Charlotte Latin screen shot

"We’re ready," Winston said, "but my read on the county directive is that public health officials don’t have the confidence that our community is completely ready."

CMS officials weren’t the only ones caught off guard. Tuesday evening several private schools and Central Piedmont Community College canceled Wednesday’s in-person classes to figure out what happens next.

Dashew says she learned about the directive just before 4 p.m., two hours before the start of the CMS board meeting. Harris said Wednesday she had spoken with Winston Monday evening and Tuesday. She said the timing of her announcement was not related to the school board meeting.

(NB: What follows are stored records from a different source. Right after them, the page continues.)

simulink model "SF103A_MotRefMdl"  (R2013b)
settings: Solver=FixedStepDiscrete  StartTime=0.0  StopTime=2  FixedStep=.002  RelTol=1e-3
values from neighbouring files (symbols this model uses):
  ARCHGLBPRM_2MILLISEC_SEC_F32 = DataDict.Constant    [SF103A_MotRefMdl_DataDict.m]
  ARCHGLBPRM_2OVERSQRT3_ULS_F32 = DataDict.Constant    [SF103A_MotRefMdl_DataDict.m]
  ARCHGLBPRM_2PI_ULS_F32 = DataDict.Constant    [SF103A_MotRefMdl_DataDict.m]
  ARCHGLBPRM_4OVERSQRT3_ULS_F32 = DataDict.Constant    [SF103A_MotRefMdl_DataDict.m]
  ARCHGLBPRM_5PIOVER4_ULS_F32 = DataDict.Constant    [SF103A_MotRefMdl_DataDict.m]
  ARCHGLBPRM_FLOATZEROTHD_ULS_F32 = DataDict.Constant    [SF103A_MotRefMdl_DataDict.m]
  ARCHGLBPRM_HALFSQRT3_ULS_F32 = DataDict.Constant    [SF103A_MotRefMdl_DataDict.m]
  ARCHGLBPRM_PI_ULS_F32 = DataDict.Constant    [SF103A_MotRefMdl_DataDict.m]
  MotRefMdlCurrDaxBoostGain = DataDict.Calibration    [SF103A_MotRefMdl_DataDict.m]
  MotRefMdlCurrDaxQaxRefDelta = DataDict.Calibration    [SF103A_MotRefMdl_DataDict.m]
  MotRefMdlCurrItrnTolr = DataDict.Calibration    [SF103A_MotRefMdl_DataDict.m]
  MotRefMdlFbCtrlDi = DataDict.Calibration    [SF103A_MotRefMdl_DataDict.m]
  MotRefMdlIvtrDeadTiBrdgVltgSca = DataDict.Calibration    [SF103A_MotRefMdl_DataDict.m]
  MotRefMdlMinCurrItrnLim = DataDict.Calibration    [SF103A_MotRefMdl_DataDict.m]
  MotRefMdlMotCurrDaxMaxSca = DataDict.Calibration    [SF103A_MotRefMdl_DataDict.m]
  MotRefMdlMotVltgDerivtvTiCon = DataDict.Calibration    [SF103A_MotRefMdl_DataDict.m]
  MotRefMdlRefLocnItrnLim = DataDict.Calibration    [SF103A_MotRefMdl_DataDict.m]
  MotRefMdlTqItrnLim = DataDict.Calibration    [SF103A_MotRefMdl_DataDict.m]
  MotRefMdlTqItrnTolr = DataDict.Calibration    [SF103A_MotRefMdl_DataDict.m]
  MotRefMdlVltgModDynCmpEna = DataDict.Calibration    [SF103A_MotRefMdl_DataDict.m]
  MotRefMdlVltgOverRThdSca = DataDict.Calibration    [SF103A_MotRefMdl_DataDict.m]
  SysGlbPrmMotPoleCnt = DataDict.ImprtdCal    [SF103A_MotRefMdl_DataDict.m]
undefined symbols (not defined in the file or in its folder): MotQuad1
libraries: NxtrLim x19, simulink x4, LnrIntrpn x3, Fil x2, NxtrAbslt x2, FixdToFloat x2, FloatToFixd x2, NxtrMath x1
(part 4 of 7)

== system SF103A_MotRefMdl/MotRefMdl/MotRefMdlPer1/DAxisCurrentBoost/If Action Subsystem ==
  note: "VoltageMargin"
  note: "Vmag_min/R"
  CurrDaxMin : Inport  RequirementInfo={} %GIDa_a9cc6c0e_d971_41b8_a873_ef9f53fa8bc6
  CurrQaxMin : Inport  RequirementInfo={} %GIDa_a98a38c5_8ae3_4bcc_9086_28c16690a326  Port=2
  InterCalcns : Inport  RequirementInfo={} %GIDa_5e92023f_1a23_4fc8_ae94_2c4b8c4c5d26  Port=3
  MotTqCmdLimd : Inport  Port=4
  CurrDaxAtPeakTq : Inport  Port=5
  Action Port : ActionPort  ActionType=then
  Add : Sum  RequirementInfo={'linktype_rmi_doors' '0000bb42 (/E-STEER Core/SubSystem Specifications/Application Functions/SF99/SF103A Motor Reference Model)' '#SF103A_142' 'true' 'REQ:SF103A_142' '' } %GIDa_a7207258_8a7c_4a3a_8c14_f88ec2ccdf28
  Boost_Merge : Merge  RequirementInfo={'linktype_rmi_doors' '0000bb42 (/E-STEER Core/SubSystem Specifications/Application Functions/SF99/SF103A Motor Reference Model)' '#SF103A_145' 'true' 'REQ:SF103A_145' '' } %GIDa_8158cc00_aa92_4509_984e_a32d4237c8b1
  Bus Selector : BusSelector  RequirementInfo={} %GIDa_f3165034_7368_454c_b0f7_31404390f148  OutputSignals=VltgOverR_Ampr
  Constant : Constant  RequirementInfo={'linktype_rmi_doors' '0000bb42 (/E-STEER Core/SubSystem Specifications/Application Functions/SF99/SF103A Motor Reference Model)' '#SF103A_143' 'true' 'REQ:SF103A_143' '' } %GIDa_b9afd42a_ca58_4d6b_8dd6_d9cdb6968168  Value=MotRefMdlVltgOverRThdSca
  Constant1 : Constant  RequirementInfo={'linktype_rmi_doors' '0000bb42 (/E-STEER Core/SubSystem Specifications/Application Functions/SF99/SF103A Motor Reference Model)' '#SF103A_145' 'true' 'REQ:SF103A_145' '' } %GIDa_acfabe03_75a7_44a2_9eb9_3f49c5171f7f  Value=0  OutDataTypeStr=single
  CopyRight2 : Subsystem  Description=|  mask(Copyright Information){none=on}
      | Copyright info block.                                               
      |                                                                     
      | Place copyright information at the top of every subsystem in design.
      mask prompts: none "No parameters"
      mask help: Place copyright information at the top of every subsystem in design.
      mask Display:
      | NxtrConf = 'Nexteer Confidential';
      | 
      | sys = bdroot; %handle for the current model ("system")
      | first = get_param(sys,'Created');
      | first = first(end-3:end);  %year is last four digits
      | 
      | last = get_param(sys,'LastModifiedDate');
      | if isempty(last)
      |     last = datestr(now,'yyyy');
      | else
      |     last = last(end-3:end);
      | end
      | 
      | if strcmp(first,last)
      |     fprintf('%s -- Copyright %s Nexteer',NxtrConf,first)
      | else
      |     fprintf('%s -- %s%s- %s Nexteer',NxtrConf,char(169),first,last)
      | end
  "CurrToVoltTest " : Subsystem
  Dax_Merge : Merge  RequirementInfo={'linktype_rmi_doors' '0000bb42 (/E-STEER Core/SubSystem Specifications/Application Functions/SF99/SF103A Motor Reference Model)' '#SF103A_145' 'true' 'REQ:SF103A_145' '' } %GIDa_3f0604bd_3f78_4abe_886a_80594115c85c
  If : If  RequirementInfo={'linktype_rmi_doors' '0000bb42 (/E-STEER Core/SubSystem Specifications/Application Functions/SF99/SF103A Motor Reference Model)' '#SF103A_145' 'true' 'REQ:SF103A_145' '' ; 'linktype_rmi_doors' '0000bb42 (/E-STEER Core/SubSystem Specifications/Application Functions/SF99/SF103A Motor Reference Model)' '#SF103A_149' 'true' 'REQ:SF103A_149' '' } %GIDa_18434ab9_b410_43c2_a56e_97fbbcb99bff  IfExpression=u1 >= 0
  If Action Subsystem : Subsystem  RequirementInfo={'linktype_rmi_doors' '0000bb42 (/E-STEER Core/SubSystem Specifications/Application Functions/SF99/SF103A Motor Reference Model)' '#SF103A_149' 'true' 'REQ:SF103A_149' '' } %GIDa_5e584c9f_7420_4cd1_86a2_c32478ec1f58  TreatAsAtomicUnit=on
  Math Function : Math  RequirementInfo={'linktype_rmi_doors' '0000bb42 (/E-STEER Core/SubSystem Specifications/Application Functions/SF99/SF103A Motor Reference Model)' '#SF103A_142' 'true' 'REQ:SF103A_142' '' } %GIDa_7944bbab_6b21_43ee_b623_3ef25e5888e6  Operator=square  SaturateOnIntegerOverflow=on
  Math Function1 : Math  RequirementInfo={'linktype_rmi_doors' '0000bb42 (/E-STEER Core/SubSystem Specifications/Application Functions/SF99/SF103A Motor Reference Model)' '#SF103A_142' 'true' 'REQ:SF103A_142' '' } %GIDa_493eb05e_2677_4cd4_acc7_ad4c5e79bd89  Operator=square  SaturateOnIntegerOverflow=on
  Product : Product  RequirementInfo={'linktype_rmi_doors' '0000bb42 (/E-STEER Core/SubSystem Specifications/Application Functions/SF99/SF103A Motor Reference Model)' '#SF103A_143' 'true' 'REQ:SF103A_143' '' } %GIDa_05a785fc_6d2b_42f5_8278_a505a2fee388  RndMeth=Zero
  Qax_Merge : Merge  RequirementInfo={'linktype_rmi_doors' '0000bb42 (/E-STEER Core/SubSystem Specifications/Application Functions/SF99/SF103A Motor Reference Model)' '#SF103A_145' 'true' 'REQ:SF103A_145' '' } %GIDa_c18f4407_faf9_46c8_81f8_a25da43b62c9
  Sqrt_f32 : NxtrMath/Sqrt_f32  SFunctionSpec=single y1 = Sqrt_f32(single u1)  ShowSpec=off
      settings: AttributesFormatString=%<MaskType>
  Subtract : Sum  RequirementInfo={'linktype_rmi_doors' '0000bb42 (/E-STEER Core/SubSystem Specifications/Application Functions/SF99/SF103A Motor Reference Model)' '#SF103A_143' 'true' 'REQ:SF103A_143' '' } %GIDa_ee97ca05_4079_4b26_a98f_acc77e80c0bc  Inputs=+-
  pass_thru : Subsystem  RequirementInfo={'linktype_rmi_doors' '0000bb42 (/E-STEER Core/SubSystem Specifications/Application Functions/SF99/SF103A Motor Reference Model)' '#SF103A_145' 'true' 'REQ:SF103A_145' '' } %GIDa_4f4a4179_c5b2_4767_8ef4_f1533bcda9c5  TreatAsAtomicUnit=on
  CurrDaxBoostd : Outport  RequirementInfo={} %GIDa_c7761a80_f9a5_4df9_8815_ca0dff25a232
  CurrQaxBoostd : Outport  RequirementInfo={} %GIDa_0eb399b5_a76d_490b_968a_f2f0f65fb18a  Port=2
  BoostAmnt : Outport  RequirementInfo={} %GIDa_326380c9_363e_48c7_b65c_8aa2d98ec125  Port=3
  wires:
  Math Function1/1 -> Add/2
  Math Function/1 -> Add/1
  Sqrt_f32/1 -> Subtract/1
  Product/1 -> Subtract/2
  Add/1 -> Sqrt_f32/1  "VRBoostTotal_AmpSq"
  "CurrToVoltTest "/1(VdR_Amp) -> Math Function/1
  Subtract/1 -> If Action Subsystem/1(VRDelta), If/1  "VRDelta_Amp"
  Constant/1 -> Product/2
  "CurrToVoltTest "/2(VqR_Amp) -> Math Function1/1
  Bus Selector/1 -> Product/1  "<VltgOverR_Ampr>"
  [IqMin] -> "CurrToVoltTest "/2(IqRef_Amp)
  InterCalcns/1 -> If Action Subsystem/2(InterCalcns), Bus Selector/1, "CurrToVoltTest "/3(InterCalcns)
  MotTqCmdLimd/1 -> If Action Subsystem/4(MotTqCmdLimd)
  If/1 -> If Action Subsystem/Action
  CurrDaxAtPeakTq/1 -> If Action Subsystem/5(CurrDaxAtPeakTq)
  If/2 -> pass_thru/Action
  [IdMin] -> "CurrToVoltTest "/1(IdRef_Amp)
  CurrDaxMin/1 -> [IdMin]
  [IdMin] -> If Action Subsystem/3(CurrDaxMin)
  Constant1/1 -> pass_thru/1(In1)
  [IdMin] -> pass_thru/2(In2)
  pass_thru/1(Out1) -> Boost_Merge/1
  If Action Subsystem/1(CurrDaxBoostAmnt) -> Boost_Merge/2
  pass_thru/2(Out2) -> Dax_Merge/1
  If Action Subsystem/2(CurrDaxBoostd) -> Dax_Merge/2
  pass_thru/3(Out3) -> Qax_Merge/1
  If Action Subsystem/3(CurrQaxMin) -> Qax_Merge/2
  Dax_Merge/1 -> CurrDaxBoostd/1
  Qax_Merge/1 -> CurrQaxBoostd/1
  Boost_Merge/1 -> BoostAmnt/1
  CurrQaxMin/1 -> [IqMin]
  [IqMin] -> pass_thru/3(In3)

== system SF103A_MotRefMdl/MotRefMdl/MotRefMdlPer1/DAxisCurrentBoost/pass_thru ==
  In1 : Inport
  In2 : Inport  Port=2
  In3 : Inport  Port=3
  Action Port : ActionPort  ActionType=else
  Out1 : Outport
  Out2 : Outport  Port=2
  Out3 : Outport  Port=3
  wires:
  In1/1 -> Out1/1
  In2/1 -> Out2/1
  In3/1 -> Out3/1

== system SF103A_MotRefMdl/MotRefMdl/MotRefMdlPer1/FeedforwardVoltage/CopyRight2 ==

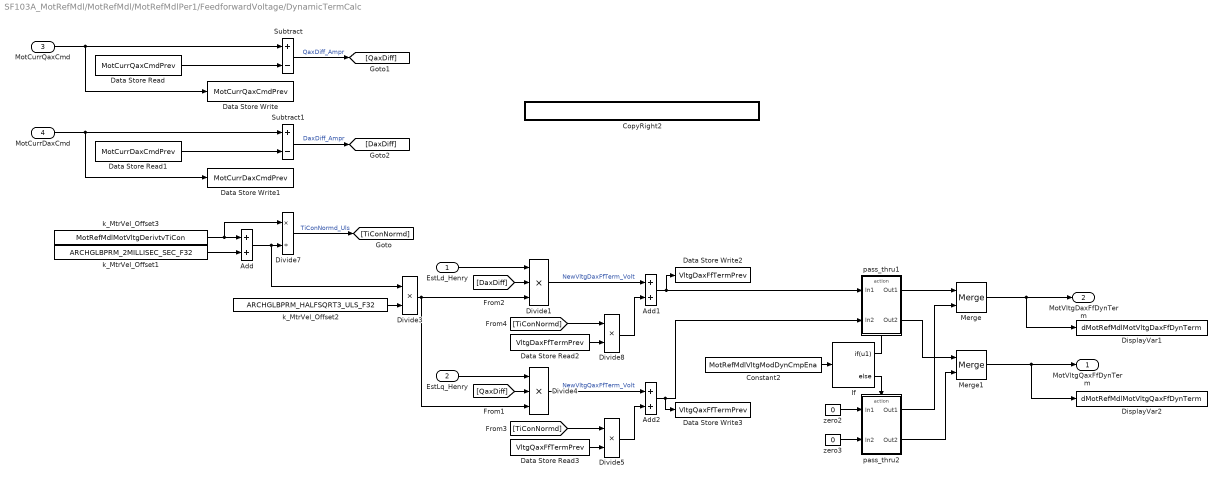
== system SF103A_MotRefMdl/MotRefMdl/MotRefMdlPer1/FeedforwardVoltage/DynamicTermCalc ==
  EstLd_Henry : Inport  RequirementInfo={} %GIDa_669719cb_8e2d_4183_8cde_e2bfb5c3b721
  EstLq_Henry : Inport  RequirementInfo={} %GIDa_1e6f10ed_a02a_410d_b0f0_b2b8d69bc7d9  Port=2
  MotCurrQaxCmd : Inport  RequirementInfo={} %GIDa_48fec4ba_508b_4013_ad2a_d4908a6c34f1  Port=3
  MotCurrDaxCmd : Inport  RequirementInfo={} %GIDa_f1550487_6b07_4eb4_b5b5_ba3d330502de  Port=4
  Add : Sum  RequirementInfo={'linktype_rmi_doors' '0000bb42 (/E-STEER Core/SubSystem Specifications/Application Functions/SF99/SF103A Motor Reference Model)' '#SF103A_160' 'true' 'REQ:SF103A_160' '' ; 'linktype_rmi_doors' '0000bb42 (/E-STEER Core/SubSystem Specifications/Application Functions/SF99/SF103A Motor Reference Model)' '#SF103A_182' 'true' 'REQ:SF103A_182' '' } %GIDa_10232317_d51a_444c_8610_964f10878767
  Add1 : Sum  RequirementInfo={'linktype_rmi_doors' '0000bb42 (/E-STEER Core/SubSystem Specifications/Application Functions/SF99/SF103A Motor Reference Model)' '#SF103A_160' 'true' 'REQ:SF103A_160' '' ; 'linktype_rmi_doors' '0000bb42 (/E-STEER Core/SubSystem Specifications/Application Functions/SF99/SF103A Motor Reference Model)' '#SF103A_182' 'true' 'REQ:SF103A_182' '' } %GIDa_669d8608_a4e4_4a27_aa85_1b2fde54e24b
  Add2 : Sum  RequirementInfo={'linktype_rmi_doors' '0000bb42 (/E-STEER Core/SubSystem Specifications/Application Functions/SF99/SF103A Motor Reference Model)' '#SF103A_160' 'true' 'REQ:SF103A_160' '' ; 'linktype_rmi_doors' '0000bb42 (/E-STEER Core/SubSystem Specifications/Application Functions/SF99/SF103A Motor Reference Model)' '#SF103A_182' 'true' 'REQ:SF103A_182' '' } %GIDa_7f87b368_be3e_4799_a4ca_a1b629f831da
  Constant2 : Constant  RequirementInfo={'linktype_rmi_doors' '0000bb42 (/E-STEER Core/SubSystem Specifications/Application Functions/SF99/SF103A Motor Reference Model)' '#SF103A_181' 'true' 'REQ:SF103A_181' '' } %GIDa_cceb1647_a34e_4756_8fd2_7c70dafabde3  Value=MotRefMdlVltgModDynCmpEna
  CopyRight2 : Subsystem  Description=|  mask(Copyright Information){none=on}
      | Copyright info block.                                               
      |                                                                     
      | Place copyright information at the top of every subsystem in design.
      mask prompts: none "No parameters"
      mask help: Place copyright information at the top of every subsystem in design.
      mask Display:
      | NxtrConf = 'Nexteer Confidential';
      | 
      | sys = bdroot; %handle for the current model ("system")
      | first = get_param(sys,'Created');
      | first = first(end-3:end);  %year is last four digits
      | 
      | last = get_param(sys,'LastModifiedDate');
      | if isempty(last)
      |     last = datestr(now,'yyyy');
      | else
      |     last = last(end-3:end);
      | end
      | 
      | if strcmp(first,last)
      |     fprintf('%s -- Copyright %s Nexteer',NxtrConf,first)
      | else
      |     fprintf('%s -- %s%s- %s Nexteer',NxtrConf,char(169),first,last)
      | end
  Data Store Read : DataStoreRead  RequirementInfo={'linktype_rmi_doors' '0000bb42 (/E-STEER Core/SubSystem Specifications/Application Functions/SF99/SF103A Motor Reference Model)' '#SF103A_160' 'true' 'REQ:SF103A_160' '' ; 'linktype_rmi_doors' '0000bb42 (/E-STEER Core/SubSystem Specifications/Application Functions/SF99/SF103A Motor Reference Model)' '#SF103A_182' 'true' 'REQ:SF103A_182' '' } %GIDa_05b9380c_f7d0_4b8b_91d2_bb3b6a9c7c49  Priority=1  DataStoreName=MotCurrQaxCmdPrev
      settings: AttributesFormatString="priority:  %<Priority>"
  Data Store Read1 : DataStoreRead  RequirementInfo={'linktype_rmi_doors' '0000bb42 (/E-STEER Core/SubSystem Specifications/Application Functions/SF99/SF103A Motor Reference Model)' '#SF103A_160' 'true' 'REQ:SF103A_160' '' ; 'linktype_rmi_doors' '0000bb42 (/E-STEER Core/SubSystem Specifications/Application Functions/SF99/SF103A Motor Reference Model)' '#SF103A_182' 'true' 'REQ:SF103A_182' '' } %GIDa_c3acf00d_65c5_46ce_8b95_f1a4693b3fea  Priority=1  DataStoreName=MotCurrDaxCmdPrev
      settings: AttributesFormatString="priority:  %<Priority>"
  Data Store Read2 : DataStoreRead  RequirementInfo={'linktype_rmi_doors' '0000bb42 (/E-STEER Core/SubSystem Specifications/Application Functions/SF99/SF103A Motor Reference Model)' '#SF103A_160' 'true' 'REQ:SF103A_160' '' ; 'linktype_rmi_doors' '0000bb42 (/E-STEER Core/SubSystem Specifications/Application Functions/SF99/SF103A Motor Reference Model)' '#SF103A_182' 'true' 'REQ:SF103A_182' '' } %GIDa_cb6238cf_a10b_4525_b339_784cfc00b0f8  DataStoreName=VltgDaxFfTermPrev
  Data Store Read3 : DataStoreRead  RequirementInfo={'linktype_rmi_doors' '0000bb42 (/E-STEER Core/SubSystem Specifications/Application Functions/SF99/SF103A Motor Reference Model)' '#SF103A_160' 'true' 'REQ:SF103A_160' '' ; 'linktype_rmi_doors' '0000bb42 (/E-STEER Core/SubSystem Specifications/Application Functions/SF99/SF103A Motor Reference Model)' '#SF103A_182' 'true' 'REQ:SF103A_182' '' } %GIDa_371f5c13_60a5_488d_aaed_0ad251289211  DataStoreName=VltgQaxFfTermPrev
  Data Store Write : DataStoreWrite  RequirementInfo={'linktype_rmi_doors' '0000bb42 (/E-STEER Core/SubSystem Specifications/Application Functions/SF99/SF103A Motor Reference Model)' '#SF103A_160' 'true' 'REQ:SF103A_160' '' ; 'linktype_rmi_doors' '0000bb42 (/E-STEER Core/SubSystem Specifications/Application Functions/SF99/SF103A Motor Reference Model)' '#SF103A_182' 'true' 'REQ:SF103A_182' '' } %GIDa_46d73cb8_92af_44e2_bd02_5d5bfdf03e86  Priority=2  DataStoreName=MotCurrQaxCmdPrev
      settings: AttributesFormatString="priority:  %<Priority>"
  Data Store Write1 : DataStoreWrite  RequirementInfo={'linktype_rmi_doors' '0000bb42 (/E-STEER Core/SubSystem Specifications/Application Functions/SF99/SF103A Motor Reference Model)' '#SF103A_160' 'true' 'REQ:SF103A_160' '' ; 'linktype_rmi_doors' '0000bb42 (/E-STEER Core/SubSystem Specifications/Application Functions/SF99/SF103A Motor Reference Model)' '#SF103A_182' 'true' 'REQ:SF103A_182' '' } %GIDa_222fdf85_f65f_4ac2_be52_2e256b249118  Priority=2  DataStoreName=MotCurrDaxCmdPrev
      settings: AttributesFormatString="priority:  %<Priority>"
  Data Store Write2 : DataStoreWrite  RequirementInfo={'linktype_rmi_doors' '0000bb42 (/E-STEER Core/SubSystem Specifications/Application Functions/SF99/SF103A Motor Reference Model)' '#SF103A_160' 'true' 'REQ:SF103A_160' '' ; 'linktype_rmi_doors' '0000bb42 (/E-STEER Core/SubSystem Specifications/Application Functions/SF99/SF103A Motor Reference Model)' '#SF103A_182' 'true' 'REQ:SF103A_182' '' } %GIDa_e2c90ff9_8f16_41a4_9d01_099185af077c  DataStoreName=VltgDaxFfTermPrev
  Data Store Write3 : DataStoreWrite  RequirementInfo={'linktype_rmi_doors' '0000bb42 (/E-STEER Core/SubSystem Specifications/Application Functions/SF99/SF103A Motor Reference Model)' '#SF103A_160' 'true' 'REQ:SF103A_160' '' ; 'linktype_rmi_doors' '0000bb42 (/E-STEER Core/SubSystem Specifications/Application Functions/SF99/SF103A Motor Reference Model)' '#SF103A_182' 'true' 'REQ:SF103A_182' '' } %GIDa_0162ae4b_0c49_489b_aeca_a87d5659adf4  DataStoreName=VltgQaxFfTermPrev
  DisplayVar1 : DataStoreWrite  DataStoreName=dMotRefMdlMotVltgDaxFfDynTerm
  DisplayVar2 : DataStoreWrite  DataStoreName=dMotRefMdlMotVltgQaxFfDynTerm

Parents And Teachers Want Stability

That meeting began with 2 ½ hours of public comments. Several parents said they didn’t sign up for the district’s Full Remote option because they trusted CMS to wait for community spread to recede before bringing students back. The district’s metrics, based on positive test rates and cases per 100,000 residents, show community spread has been in the danger zone since early December — and it just keeps rising.

CMS parent Justin Perry said he wanted in-person classes, known as Plan B, only when the numbers dropped back to safer levels.

"What has been presented puts parents such as ours in a bind, as we chose B under agreed-upon parameters, and now our kids will have to take absences because we won’t send them back prematurely," he said.

Several parents and teachers told the board they crave some stability. CMS brought elementary and K-8 students back for part of the fall, while middle and high schools haven’t held in-person classes since March.

Parent Jocie Sweeney urged the board to keep students home until educators can get vaccinated. She said that protects teachers and gives everyone a stretch where they know what to expect.

"The inconsistency and constant scrambling of last-minute decisions and switching around with emergency meetings is taking a major toll on families and teachers," she said.

Dashew said she knows parents wanted a decision Tuesday. But she said a new plan can’t just be thrown together.

For instance, will CMS bring students back in early February, when the health department’s three-week directive expires? Or wait until the third quarter ends in mid-March, as several speakers urged?